*Directions*. Unless it is a picture, every line from the start of the entries through the line with "#1=APPLICATION_CONTEXT('core data for" must be retyped exactly.

[Opening Data in this exercise section]

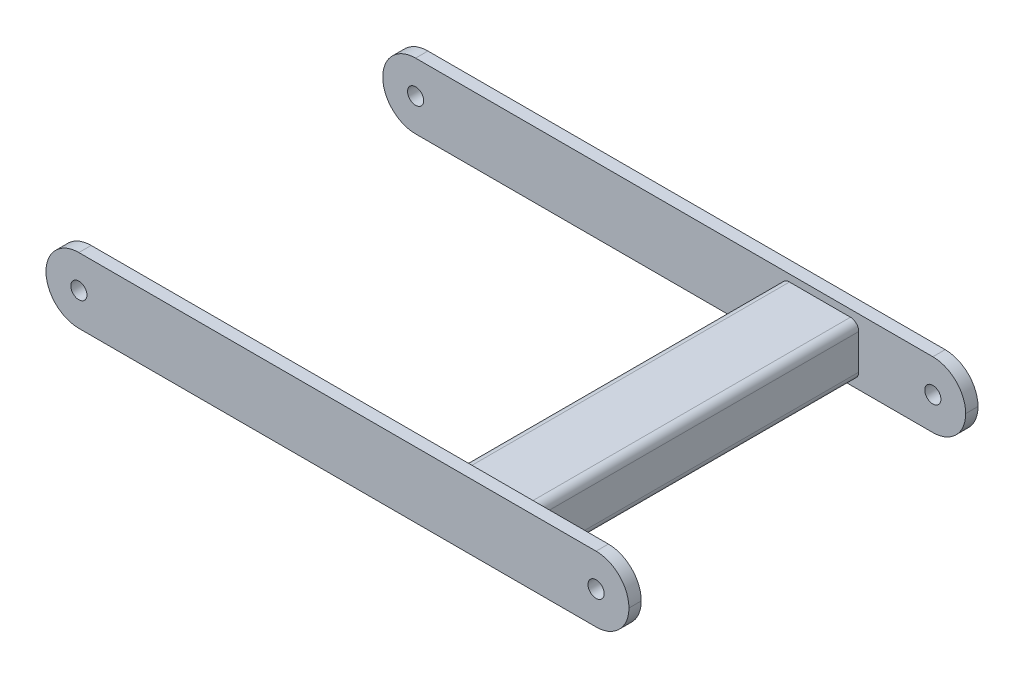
ISO-10303-21;
HEADER;
FILE_DESCRIPTION(('STEP AP214'),'2;1');
FILE_NAME('part.step','',(''),(''),'','','');
FILE_SCHEMA(('AUTOMOTIVE_DESIGN { 1 0 10303 214 1 1 1 1 }'));
ENDSEC;
DATA;
#1=APPLICATION_CONTEXT('core data for automotive mechanical design processes');
#2=APPLICATION_PROTOCOL_DEFINITION('international standard','automotive_design',2000,#1);
#3=PRODUCT_CONTEXT('',#1,'mechanical');
#4=PRODUCT('Part','Part','',(#3));
#5=PRODUCT_RELATED_PRODUCT_CATEGORY('part','',(#4));
#6=PRODUCT_DEFINITION_FORMATION('','',#4);
#7=PRODUCT_DEFINITION_CONTEXT('part definition',#1,'design');
#8=PRODUCT_DEFINITION('design','',#6,#7);
#9=PRODUCT_DEFINITION_SHAPE('','',#8);
#10=(LENGTH_UNIT() NAMED_UNIT(*) SI_UNIT(.MILLI.,.METRE.));
#11=(NAMED_UNIT(*) PLANE_ANGLE_UNIT() SI_UNIT($,.RADIAN.));
#12=(NAMED_UNIT(*) SI_UNIT($,.STERADIAN.) SOLID_ANGLE_UNIT());
#13=UNCERTAINTY_MEASURE_WITH_UNIT(LENGTH_MEASURE(1.E-05),#10,'distance_accuracy_value','');
#14=(GEOMETRIC_REPRESENTATION_CONTEXT(3) GLOBAL_UNCERTAINTY_ASSIGNED_CONTEXT((#13)) GLOBAL_UNIT_ASSIGNED_CONTEXT((#10,
#11,#12)) REPRESENTATION_CONTEXT('',''));
#15=CARTESIAN_POINT('',(0.,0.,0.));
#16=DIRECTION('',(0.,0.,1.));
#17=DIRECTION('',(1.,0.,0.));
#18=AXIS2_PLACEMENT_3D('',#15,#16,#17);
#19=CARTESIAN_POINT('',(314.557,13.5999999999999,125.475));
#20=DIRECTION('',(0.,0.,-1.));
#21=DIRECTION('',(-1.,0.,0.));
#22=AXIS2_PLACEMENT_3D('',#19,#20,#21);
#23=CYLINDRICAL_SURFACE('',#22,6.40000000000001);
#24=CARTESIAN_POINT('',(314.557,13.5999999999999,-125.475));
#25=DIRECTION('',(0.,0.,1.));
#26=DIRECTION('',(0.,1.,0.));
#27=AXIS2_PLACEMENT_3D('',#24,#25,#26);
#28=CIRCLE('',#27,6.40000000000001);
#29=CARTESIAN_POINT('',(314.557,20.,-125.475));
#30=VERTEX_POINT('',#29);
#31=CARTESIAN_POINT('',(308.157,13.5999999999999,-125.475));
#32=VERTEX_POINT('',#31);
#33=EDGE_CURVE('E252',#30,#32,#28,.T.);
#34=ORIENTED_EDGE('',*,*,#33,.T.);
#35=DIRECTION('',(0.,0.,-1.));
#36=VECTOR('',#35,1.);
#37=CARTESIAN_POINT('',(308.157,13.5999999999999,125.475));
#38=LINE('',#37,#36);
#39=CARTESIAN_POINT('',(308.157,13.5999999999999,125.475));
#40=VERTEX_POINT('',#39);
#41=EDGE_CURVE('E13',#40,#32,#38,.T.);
#42=ORIENTED_EDGE('',*,*,#41,.F.);
#43=CARTESIAN_POINT('',(314.557,13.5999999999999,125.475));
#44=DIRECTION('',(0.,0.,1.));
#45=DIRECTION('',(0.,1.,0.));
#46=AXIS2_PLACEMENT_3D('',#43,#44,#45);
#47=CIRCLE('',#46,6.40000000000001);
#48=CARTESIAN_POINT('',(314.557,20.,125.475));
#49=VERTEX_POINT('',#48);
#50=EDGE_CURVE('E330',#49,#40,#47,.T.);
#51=ORIENTED_EDGE('',*,*,#50,.F.);
#52=DIRECTION('',(0.,0.,-1.));
#53=VECTOR('',#52,1.);
#54=CARTESIAN_POINT('',(314.557,20.,125.475));
#55=LINE('',#54,#53);
#56=EDGE_CURVE('E267',#49,#30,#55,.T.);
#57=ORIENTED_EDGE('',*,*,#56,.T.);
#58=EDGE_LOOP('',(#34,#42,#51,#57));
#59=FACE_BOUND('',#58,.T.);
#60=ADVANCED_FACE('F80',(#59),#23,.T.);
#61=CARTESIAN_POINT('',(308.157,13.5999999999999,125.475));
#62=DIRECTION('',(1.,0.,0.));
#63=DIRECTION('',(0.,1.,0.));
#64=AXIS2_PLACEMENT_3D('',#61,#62,#63);
#65=PLANE('',#64);
#66=DIRECTION('',(0.,-1.,0.));
#67=VECTOR('',#66,1.);
#68=CARTESIAN_POINT('',(308.157,13.5999999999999,-125.475));
#69=LINE('',#68,#67);
#70=CARTESIAN_POINT('',(308.157,-13.6000000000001,-125.475));
#71=VERTEX_POINT('',#70);
#72=EDGE_CURVE('E255',#32,#71,#69,.T.);
#73=ORIENTED_EDGE('',*,*,#72,.T.);
#74=DIRECTION('',(0.,0.,-1.));
#75=VECTOR('',#74,1.);
#76=CARTESIAN_POINT('',(308.157,-13.6000000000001,125.475));
#77=LINE('',#76,#75);
#78=CARTESIAN_POINT('',(308.157,-13.6000000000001,125.475));
#79=VERTEX_POINT('',#78);
#80=EDGE_CURVE('E90',#79,#71,#77,.T.);
#81=ORIENTED_EDGE('',*,*,#80,.F.);
#82=DIRECTION('',(0.,-1.,0.));
#83=VECTOR('',#82,1.);
#84=CARTESIAN_POINT('',(308.157,13.5999999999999,125.475));
#85=LINE('',#84,#83);
#86=EDGE_CURVE('E332',#40,#79,#85,.T.);
#87=ORIENTED_EDGE('',*,*,#86,.F.);
#88=ORIENTED_EDGE('',*,*,#41,.T.);
#89=EDGE_LOOP('',(#73,#81,#87,#88));
#90=FACE_BOUND('',#89,.T.);
#91=ADVANCED_FACE('F367',(#90),#65,.F.);
#92=CARTESIAN_POINT('',(314.557,-13.6000000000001,125.475));
#93=DIRECTION('',(0.,0.,-1.));
#94=DIRECTION('',(-1.,0.,0.));
#95=AXIS2_PLACEMENT_3D('',#92,#93,#94);
#96=CYLINDRICAL_SURFACE('',#95,6.40000000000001);
#97=CARTESIAN_POINT('',(314.557,-13.6000000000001,-125.475));
#98=DIRECTION('',(0.,0.,1.));
#99=DIRECTION('',(0.,1.,0.));
#100=AXIS2_PLACEMENT_3D('',#97,#98,#99);
#101=CIRCLE('',#100,6.40000000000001);
#102=CARTESIAN_POINT('',(314.557,-20.0000000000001,-125.475));
#103=VERTEX_POINT('',#102);
#104=EDGE_CURVE('E257',#71,#103,#101,.T.);
#105=ORIENTED_EDGE('',*,*,#104,.T.);
#106=DIRECTION('',(0.,0.,-1.));
#107=VECTOR('',#106,1.);
#108=CARTESIAN_POINT('',(314.557,-20.0000000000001,125.475));
#109=LINE('',#108,#107);
#110=CARTESIAN_POINT('',(314.557,-20.0000000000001,125.475));
#111=VERTEX_POINT('',#110);
#112=EDGE_CURVE('E274',#111,#103,#109,.T.);
#113=ORIENTED_EDGE('',*,*,#112,.F.);
#114=CARTESIAN_POINT('',(314.557,-13.6000000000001,125.475));
#115=DIRECTION('',(0.,0.,1.));
#116=DIRECTION('',(0.,1.,0.));
#117=AXIS2_PLACEMENT_3D('',#114,#115,#116);
#118=CIRCLE('',#117,6.40000000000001);
#119=EDGE_CURVE('E334',#79,#111,#118,.T.);
#120=ORIENTED_EDGE('',*,*,#119,.F.);
#121=ORIENTED_EDGE('',*,*,#80,.T.);
#122=EDGE_LOOP('',(#105,#113,#120,#121));
#123=FACE_BOUND('',#122,.T.);
#124=ADVANCED_FACE('F372',(#123),#96,.T.);
#125=CARTESIAN_POINT('',(361.757,-20.,125.475));
#126=DIRECTION('',(0.,1.,0.));
#127=DIRECTION('',(-1.,0.,0.));
#128=AXIS2_PLACEMENT_3D('',#125,#126,#127);
#129=PLANE('',#128);
#130=DIRECTION('',(1.,0.,0.));
#131=VECTOR('',#130,1.);
#132=CARTESIAN_POINT('',(361.757,-20.,-125.475));
#133=LINE('',#132,#131);
#134=CARTESIAN_POINT('',(361.757,-20.,-125.475));
#135=VERTEX_POINT('',#134);
#136=EDGE_CURVE('E259',#103,#135,#133,.T.);
#137=ORIENTED_EDGE('',*,*,#136,.T.);
#138=DIRECTION('',(0.,0.,-1.));
#139=VECTOR('',#138,1.);
#140=CARTESIAN_POINT('',(361.757,-20.,125.475));
#141=LINE('',#140,#139);
#142=CARTESIAN_POINT('',(361.757,-20.,125.475));
#143=VERTEX_POINT('',#142);
#144=EDGE_CURVE('E271',#143,#135,#141,.T.);
#145=ORIENTED_EDGE('',*,*,#144,.F.);
#146=DIRECTION('',(1.,0.,0.));
#147=VECTOR('',#146,1.);
#148=CARTESIAN_POINT('',(361.757,-20.,125.475));
#149=LINE('',#148,#147);
#150=EDGE_CURVE('E336',#111,#143,#149,.T.);
#151=ORIENTED_EDGE('',*,*,#150,.F.);
#152=ORIENTED_EDGE('',*,*,#112,.T.);
#153=EDGE_LOOP('',(#137,#145,#151,#152));
#154=FACE_BOUND('',#153,.T.);
#155=ADVANCED_FACE('F342',(#154),#129,.F.);
#156=CARTESIAN_POINT('',(361.757,-13.5999999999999,125.475));
#157=DIRECTION('',(0.,0.,-1.));
#158=DIRECTION('',(-1.,0.,0.));
#159=AXIS2_PLACEMENT_3D('',#156,#157,#158);
#160=CYLINDRICAL_SURFACE('',#159,6.40000000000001);
#161=CARTESIAN_POINT('',(361.757,-13.5999999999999,-125.475));
#162=DIRECTION('',(0.,0.,1.));
#163=DIRECTION('',(0.,1.,0.));
#164=AXIS2_PLACEMENT_3D('',#161,#162,#163);
#165=CIRCLE('',#164,6.40000000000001);
#166=CARTESIAN_POINT('',(368.157,-13.5999999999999,-125.475));
#167=VERTEX_POINT('',#166);
#168=EDGE_CURVE('E261',#135,#167,#165,.T.);
#169=ORIENTED_EDGE('',*,*,#168,.T.);
#170=DIRECTION('',(0.,0.,-1.));
#171=VECTOR('',#170,1.);
#172=CARTESIAN_POINT('',(368.157,-13.5999999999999,125.475));
#173=LINE('',#172,#171);
#174=CARTESIAN_POINT('',(368.157,-13.5999999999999,125.475));
#175=VERTEX_POINT('',#174);
#176=EDGE_CURVE('E219',#175,#167,#173,.T.);
#177=ORIENTED_EDGE('',*,*,#176,.F.);
#178=CARTESIAN_POINT('',(361.757,-13.5999999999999,125.475));
#179=DIRECTION('',(0.,0.,1.));
#180=DIRECTION('',(0.,1.,0.));
#181=AXIS2_PLACEMENT_3D('',#178,#179,#180);
#182=CIRCLE('',#181,6.40000000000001);
#183=EDGE_CURVE('E210',#143,#175,#182,.T.);
#184=ORIENTED_EDGE('',*,*,#183,.F.);
#185=ORIENTED_EDGE('',*,*,#144,.T.);
#186=EDGE_LOOP('',(#169,#177,#184,#185));
#187=FACE_BOUND('',#186,.T.);
#188=ADVANCED_FACE('F346',(#187),#160,.T.);
#189=CARTESIAN_POINT('',(368.157,-13.5999999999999,125.475));
#190=DIRECTION('',(-1.,0.,0.));
#191=DIRECTION('',(0.,-1.,0.));
#192=AXIS2_PLACEMENT_3D('',#189,#190,#191);
#193=PLANE('',#192);
#194=DIRECTION('',(0.,1.,0.));
#195=VECTOR('',#194,1.);
#196=CARTESIAN_POINT('',(368.157,-13.5999999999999,-125.475));
#197=LINE('',#196,#195);
#198=CARTESIAN_POINT('',(368.157,13.6000000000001,-125.475));
#199=VERTEX_POINT('',#198);
#200=EDGE_CURVE('E218',#167,#199,#197,.T.);
#201=ORIENTED_EDGE('',*,*,#200,.T.);
#202=DIRECTION('',(0.,0.,-1.));
#203=VECTOR('',#202,1.);
#204=CARTESIAN_POINT('',(368.157,13.6000000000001,125.475));
#205=LINE('',#204,#203);
#206=CARTESIAN_POINT('',(368.157,13.6000000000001,125.475));
#207=VERTEX_POINT('',#206);
#208=EDGE_CURVE('E215',#207,#199,#205,.T.);
#209=ORIENTED_EDGE('',*,*,#208,.F.);
#210=DIRECTION('',(0.,1.,0.));
#211=VECTOR('',#210,1.);
#212=CARTESIAN_POINT('',(368.157,-13.5999999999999,125.475));
#213=LINE('',#212,#211);
#214=EDGE_CURVE('E204',#175,#207,#213,.T.);
#215=ORIENTED_EDGE('',*,*,#214,.F.);
#216=ORIENTED_EDGE('',*,*,#176,.T.);
#217=EDGE_LOOP('',(#201,#209,#215,#216));
#218=FACE_BOUND('',#217,.T.);
#219=ADVANCED_FACE('F216',(#218),#193,.F.);
#220=CARTESIAN_POINT('',(361.757,13.6000000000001,125.475));
#221=DIRECTION('',(0.,0.,-1.));
#222=DIRECTION('',(-1.,0.,0.));
#223=AXIS2_PLACEMENT_3D('',#220,#221,#222);
#224=CYLINDRICAL_SURFACE('',#223,6.40000000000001);
#225=CARTESIAN_POINT('',(361.757,13.6000000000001,-125.475));
#226=DIRECTION('',(0.,0.,1.));
#227=DIRECTION('',(0.,1.,0.));
#228=AXIS2_PLACEMENT_3D('',#225,#226,#227);
#229=CIRCLE('',#228,6.40000000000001);
#230=CARTESIAN_POINT('',(361.757,20.0000000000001,-125.475));
#231=VERTEX_POINT('',#230);
#232=EDGE_CURVE('E152',#199,#231,#229,.T.);
#233=ORIENTED_EDGE('',*,*,#232,.T.);
#234=DIRECTION('',(0.,0.,-1.));
#235=VECTOR('',#234,1.);
#236=CARTESIAN_POINT('',(361.757,20.0000000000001,125.475));
#237=LINE('',#236,#235);
#238=CARTESIAN_POINT('',(361.757,20.0000000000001,125.475));
#239=VERTEX_POINT('',#238);
#240=EDGE_CURVE('E220',#239,#231,#237,.T.);
#241=ORIENTED_EDGE('',*,*,#240,.F.);
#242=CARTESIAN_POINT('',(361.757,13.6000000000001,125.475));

[Closing Data in this exercise section]

*Written solution*.
ISO-10303-21;
HEADER;
FILE_DESCRIPTION(('STEP AP214'),'2;1');
FILE_NAME('part.step','',(''),(''),'','','');
FILE_SCHEMA(('AUTOMOTIVE_DESIGN { 1 0 10303 214 1 1 1 1 }'));
ENDSEC;
DATA;
#1=APPLICATION_CONTEXT('core data for automotive mechanical design processes');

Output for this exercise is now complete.